MHP133是一种多靶点抑制剂，可以抑制AChE的活性，KKi值为69μM;同时抑制毒蕈碱M1和M2受体，5HT4受体和咪唑I2受体。
CAS：147340-43-0
分子式：C17H20ClN5O3
分子量：377.83
纯度：98%
存储：Store at -20°C

Background:

a drug with multiple CNS targets, and inhibits acetylcholinesterase (AChE) with Ki of 69 μM; also active against muscarinic M1 and M2 receptors, serotonin 5HT4 receptors, and imidazole I2 receptors.

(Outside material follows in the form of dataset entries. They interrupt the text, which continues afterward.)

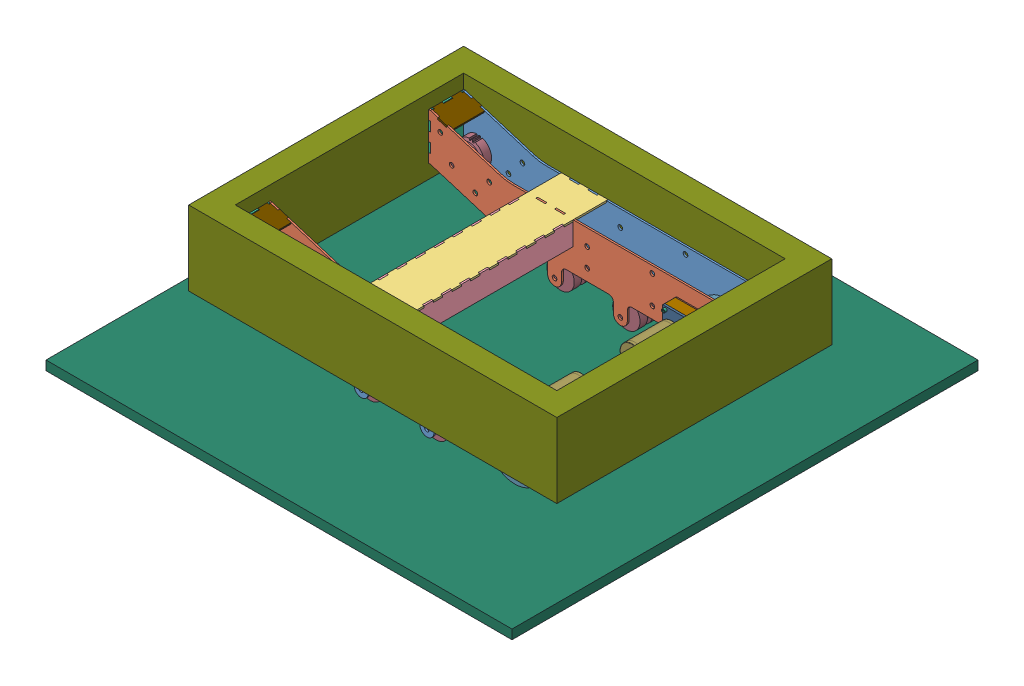
SolidWorks assembly base v2, configuration Default. Lengths in mm.
Overall size (1270 330.2 1270).
109 component instances, 36 part files, 86 mates.
Components (placement in the parent):
- outer wall-1: outer wall [Default] at origin size (876.3 248.48 4.83)
- inner wall-1: inner wall [Default] at (-656.7743 299.8998 -90.424) size (871.47 248.48 4.83)
- inner wall-2: inner wall [Default] at (-656.7743 299.8998 -527.05) size (871.47 248.48 4.83)
- outer wall-2: outer wall [Default] at (0 0 -617.474) size (876.3 248.48 4.83)
- center top support-1: center top support [Default] at (-609.6 198.374 -617.474) x (0 0 1) z (-1 0 0) size (622.3 4.83 127)
- center side support-1: center side support [Default] at (-487.426 139.7 4.826) x (0 0 -1) z (1 0 0) size (441.45 63.5 4.83)
- center side support-2: center side support [Default] at (-604.774 139.7 -617.474) x (0 0 1) z (-1 0 0) size (441.45 63.5 4.83)
- back wall-1: back wall [Default] at (-9.652 76.2 4.826) x (0 0 -1) z (1 0 0) size (441.45 127 4.83)
- front plate-1: front plate [Default] at (-871.474 139.7 -90.424) x (0 0 1) z (-1 0 0) size (95.25 127 4.83)
- front plate-2: front plate [Default] at (-871.474 139.7 -617.474) x (0 0 1) z (-1 0 0) size (95.25 127 4.83)
- back plate left-1: back plate left [Default] at (-4.826 76.2 4.826) x (0 0 -1) z (1 0 0) size (315.98 127 4.83)
- back plate right-1: back plate right [Default] at (-4.826 76.2 4.826) x (0 0 -1) z (1 0 0) size (311.15 127 4.83)
- am-0145+Updated+Toughbox+2015-1: am-0145+Updated+Toughbox+2015 [Default] at (-172.8426 75.0742 -202.6767) size (127.03 127 97.81)
  - am-2650 TB Spacer-1: am-2650 TB Spacer [Default] at (-20.7449 79.3887 80.3249) size (127 14.35 28.75)
  - am-0155 Toughbox Motor Plate-1: am-0155 Toughbox Motor Plate [Default] at (21.1445 38.6364 74.7369) x (1 0 0) z (0 1 0) size (127 5.59 127)
  - am-2650 TB Spacer-2: am-2650 TB Spacer [Default] at (90.4055 -31.7363 80.3249) x (-1 0 0) z (0 0 1) size (127 14.35 28.75)
  - Toughbox d02 am-0261-1: Toughbox d02 am-0261 [Default] at (21.1699 38.6364 109.0777) x (1 0 0) z (0 1 0) size (127 3.17 127)
  - FR6ZZ Bearing-1: FR6ZZ Bearing [Default] at (40.6889 12.4563 81.8489) x (0.923728 0.383049 0) z (0 0 -1) size (24.69 24.69 7.16)
  - FR6ZZ Bearing-2: FR6ZZ Bearing [Default] at (40.6889 53.1471 81.8489) x (0.923728 0.383049 0) z (0 0 -1) size (24.69 24.69 7.16)
  - 10-32x0500_shcs_HX-SHCS 0.19-32x1.375x1-C-1: 10-32x0500_shcs_HX-SHCS 0.19-32x1.375x1-C [Default] at (-3.3906 4.7762 85.1509) x (0 0 -1) z (1 0 0) size (17.53 7.94 7.94)
  - 10-32x0500_shcs_HX-SHCS 0.19-32x1.375x1-C-2: 10-32x0500_shcs_HX-SHCS 0.19-32x1.375x1-C [Default] at (-3.3906 55.5762 85.1509) x (0 0 -1) z (1 0 0) size (17.53 7.94 7.94)
  - 10-32x0500_shcs_HX-SHCS 0.19-32x1.375x1-C-3: 10-32x0500_shcs_HX-SHCS 0.19-32x1.375x1-C [Default] at (73.0258 55.5762 85.1509) x (0 0 -1) z (1 0 0) size (17.53 7.94 7.94)
  - 10-32x0500_shcs_HX-SHCS 0.19-32x1.375x1-C-4: 10-32x0500_shcs_HX-SHCS 0.19-32x1.375x1-C [Default] at (73.0258 4.7762 85.1509) x (0 0 -1) z (1 0 0) size (17.53 7.94 7.94)
  - 5-16 washer-1: 5-16 washer [Default] at (-3.3906 30.1762 78.8009) size (17.53 17.53 1.47)
  - 5-16 washer-2: 5-16 washer [Default] at (-3.3906 30.1762 80.2741) size (17.53 17.53 1.47)
  - 5-16 washer-3: 5-16 washer [Default] at (73.0258 30.1762 78.8009) size (17.53 17.53 1.47)
  - 5-16 washer-4: 5-16 washer [Default] at (73.0258 30.1762 80.2741) size (17.53 17.53 1.47)
  - Toughbox Small Hex Shaft-1: Toughbox Small Hex Shaft [Default] at (34.8176 44.1716 75.8037) x (0.5 -0.866025 0) z (0 0 1) size (11 9.53 38.11)
  - TB Output Shaft-1: TB Output Shaft [Default] at (-2.2613 22.7278 107.2489) x (-0.997664 0.068316 0) z (0.068316 0.997664 0) size (14.66 92.33 12.7)
  - FR6ZZ Bearing-3: FR6ZZ Bearing [Default] at (43.7045 38.1296 107.5537) size (24.69 24.69 7.16)
  - FR8ZZ Bearing-1: FR8ZZ Bearing [Default] at (43.7045 -2.5612 107.5029) size (31.75 31.75 7.95)
  - 14T CIM Gear-1: 14T CIM Gear [Default] at (-3.3906 30.1762 81.7473) size (20.03 20.32 12.7)
  - 14T CIM Gear-2: 14T CIM Gear [Default] at (73.0258 30.1762 81.7473) x (0.98536 0.170489 0) z (0 0 1) size (20.03 20.32 12.7)
  - 8mm_spring_clip am-0033-1: 8mm_spring_clip am-0033 [Default] at (-3.3906 30.1762 94.4473) x (0 0 1) z (-1 0 0) size (1.12 14.83 14.83)
  - 8mm_spring_clip am-0033-2: 8mm_spring_clip am-0033 [Default] at (73.0258 30.1762 94.4473) x (0 0 1) z (-1 0 0) size (1.12 14.83 14.83)
  - 500-e-klip_smart-1: 500-e-klip_smart [Default] at (62.138 11.0174 96.4031) x (1 0 0) z (0 1 0) size (19.07 1.27 20.95)
  - 50T 20dp 375hex_Inch - Spur gear 20DP 50T 14.5PA .372FW ---S50N3.0H2.0L0.25N-1: 50T 20dp 375hex_Inch - Spur gear 20DP 50T 14.5PA .372FW ---S50N3.0H2.0L0.25N [Default] at (34.8176 44.1716 92.0089) x (0 0 -1) z (1 0 0) size (10.16 65.97 66.04)
  - 14T 20dp 375hex_Inch - Spur gear 20DP 14T 14.5PA .568FW ---S14N3.0H2.0L0.25N-1: 14T 20dp 375hex_Inch - Spur gear 20DP 14T 14.5PA .568FW ---S14N3.0H2.0L0.25N [Default] at (34.843 44.1716 92.0089) x (0 0 1) z (-1 0 0) size (15.14 19.97 20.32)
  - 50T 20dp 500hex-1: 50T 20dp 500hex [Default] at (34.8176 3.4808 96.4031) x (0.997664 -0.068316 0) z (0 0 1) size (65.97 66.04 10.62)
  - SHCS 14-20 x 2-1: SHCS 14-20 x 2 [Default] at (90.3801 79.3887 68.1837) x (1 0 0) z (0 1 0) size (9.53 57.35 9.53)
  - SHCS 14-20 x 2-2: SHCS 14-20 x 2 [Default] at (-20.7449 79.3887 68.1837) x (1 0 0) z (0 1 0) size (9.53 57.35 9.53)
  - SHCS 14-20 x 2-3: SHCS 14-20 x 2 [Default] at (-20.7449 -31.7363 68.1837) x (1 0 0) z (0 1 0) size (9.53 57.35 9.53)
  - SHCS 14-20 x 2-4: SHCS 14-20 x 2 [Default] at (90.3801 -31.7363 68.1837) x (1 0 0) z (0 1 0) size (9.53 57.35 9.53)
  - 14-20 Nylock Nut_97135A210-1: 14-20 Nylock Nut_97135A210 [Default] at (-20.7195 79.3887 112.2527) x (1 0 0) z (0 -1 0) size (11.11 8.13 12.83)
  - 14-20 Nylock Nut_97135A210-2: 14-20 Nylock Nut_97135A210 [Default] at (-20.7195 -31.7363 112.2527) x (1 0 0) z (0 -1 0) size (11.11 8.13 12.83)
  - 14-20 Nylock Nut_97135A210-3: 14-20 Nylock Nut_97135A210 [Default] at (90.4055 -31.7363 112.2527) x (1 0 0) z (0 -1 0) size (11.11 8.13 12.83)
  - 14-20 Nylock Nut_97135A210-4: 14-20 Nylock Nut_97135A210 [Default] at (90.4055 79.3887 112.2527) x (1 0 0) z (0 -1 0) size (11.11 8.13 12.83)
  - 0.25 Flat Washer_Preferred Wide FW 0.25-1: 0.25 Flat Washer_Preferred Wide FW 0.25 [Default] at (34.8176 3.4808 154.3659) x (0 0 -1) z (1 0 0) size (1.4 15.88 15.88)
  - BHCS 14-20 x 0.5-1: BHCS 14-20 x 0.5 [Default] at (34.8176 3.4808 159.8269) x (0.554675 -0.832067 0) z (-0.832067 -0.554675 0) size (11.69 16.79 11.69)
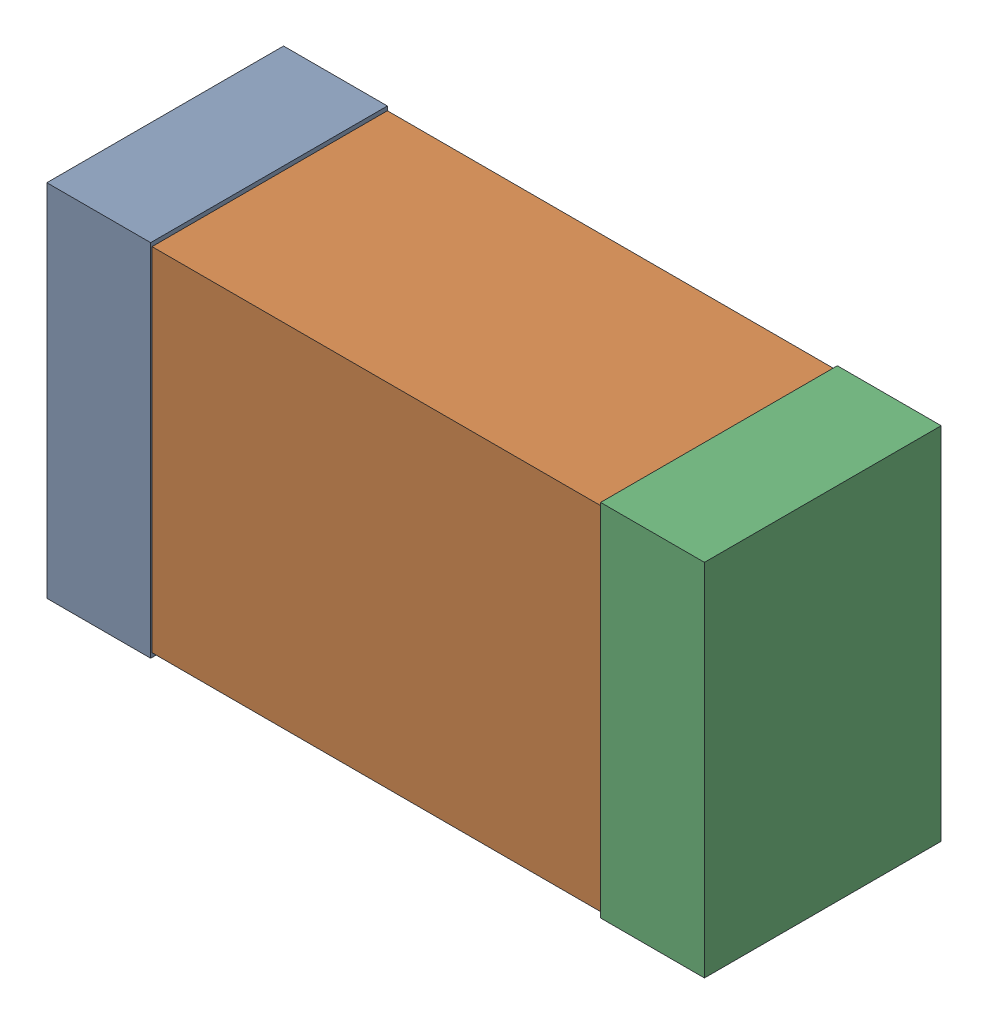
SolidWorks assembly R3_Motor_4Kanaloa_v2.0.0_Motor, configuration Default. Lengths in mm.
Overall size (2.38 1.3 0.85).
6 component instances, 2 part files, 0 mates.
Components (placement in the parent):
- 352877648-1: 352877648 [Default] at (84.403 92.964 0) size (0.38 1.3 0.85)
  - Extruded_14-1: Extruded_14 [Default] at origin size (0.38 1.3 0.85)
- 352877392-1: 352877392 [Default] at (85.403 92.964 0) size (2.2 1.27 0.85)
  - Extruded_15-1: Extruded_15 [Default] at origin size (2.2 1.27 0.85)
- 352877648-2: 352877648 [Default] at (86.403 92.964 0) size (0.38 1.3 0.85)
  - Extruded_14-1: Extruded_14 [Default] at origin size (0.38 1.3 0.85)

MHP-133 is be active (>50% displacement or activity) against muscarinic M1 and M2 receptors, serotonin 5HT4 receptors, and imidazole I2 receptors. MHP-133 exhibits this nicotinic-like activity in the cell line. Although the ED50 for inducing TrkA expression is only about 1 μM, it does predicts the cytoprotective action of MHP-133 in differentiated PC-12 cells deprived of growth factor for 24 h. MHP-133 (10-100 μM) significantly increases the levels of sAPP from cultured astrocytes by 40-60%. MHP-133 produces a bi-phasic effect on slice survival, particularly in the dentate gyrus and the CA1 regions[1].

In rats, MHP-133 (50, 100, or 200 μg/kg, i.p.) enhances acquisition of the task and increases task accuracy. MHP-133 elicits significant improvements in task accuracies during sessions initiated 10 min after dosing[1].

参考文献：

[1]. Buccafusco JJ, et al. MHP-133, a drug with multiple CNS targets: potential for neuroprotection and enhanced cognition. Neurochem Res. 2007 Jul;32(7):1224-37. Epub 2007 Apr 3.